*Work order*
Collect each line of the records containing the string "Product".

[Records from a data collection]
··········

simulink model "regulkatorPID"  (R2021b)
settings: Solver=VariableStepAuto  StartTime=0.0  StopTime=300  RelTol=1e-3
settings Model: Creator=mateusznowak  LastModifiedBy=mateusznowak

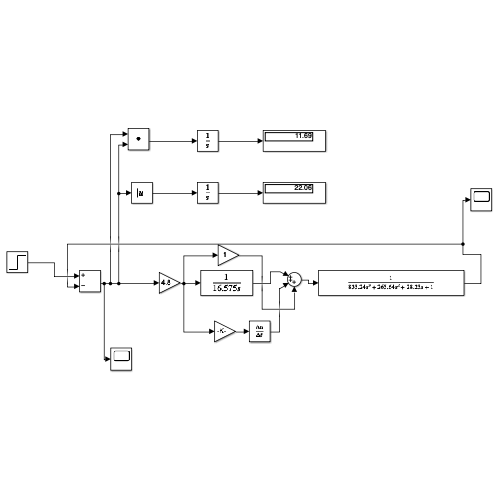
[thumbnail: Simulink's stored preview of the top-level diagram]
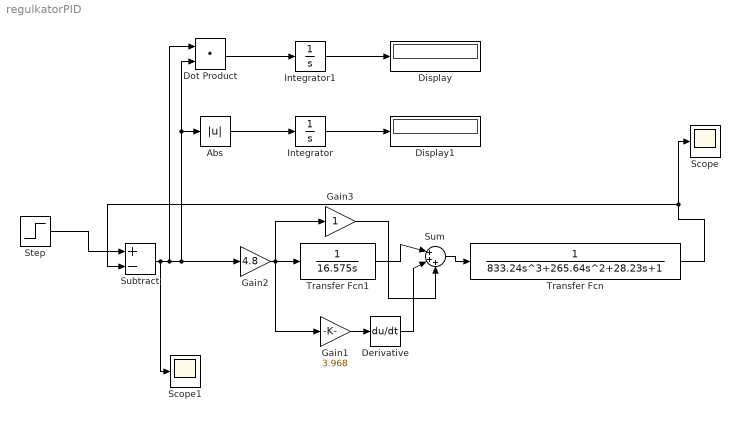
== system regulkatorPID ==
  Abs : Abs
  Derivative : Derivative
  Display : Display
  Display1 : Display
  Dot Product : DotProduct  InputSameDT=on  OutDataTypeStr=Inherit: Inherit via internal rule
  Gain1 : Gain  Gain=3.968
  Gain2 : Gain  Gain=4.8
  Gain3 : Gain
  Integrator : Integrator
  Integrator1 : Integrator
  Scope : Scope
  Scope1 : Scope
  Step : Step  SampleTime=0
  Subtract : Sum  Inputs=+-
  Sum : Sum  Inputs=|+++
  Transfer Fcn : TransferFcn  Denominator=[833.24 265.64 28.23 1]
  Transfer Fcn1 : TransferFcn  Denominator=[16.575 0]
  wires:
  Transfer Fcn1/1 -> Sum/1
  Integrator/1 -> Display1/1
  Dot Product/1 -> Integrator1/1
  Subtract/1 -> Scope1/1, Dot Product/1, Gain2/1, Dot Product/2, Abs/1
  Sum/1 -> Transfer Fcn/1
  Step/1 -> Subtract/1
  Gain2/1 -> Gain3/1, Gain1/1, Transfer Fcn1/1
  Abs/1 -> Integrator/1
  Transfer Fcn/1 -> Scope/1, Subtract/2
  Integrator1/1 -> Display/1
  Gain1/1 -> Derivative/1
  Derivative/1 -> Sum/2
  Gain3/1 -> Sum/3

··········

*Response area*
  Dot Product : DotProduct  InputSameDT=on  OutDataTypeStr=Inherit: Inherit via internal rule
  Dot Product/1 -> Integrator1/1
  Subtract/1 -> Scope1/1, Dot Product/1, Gain2/1, Dot Product/2, Abs/1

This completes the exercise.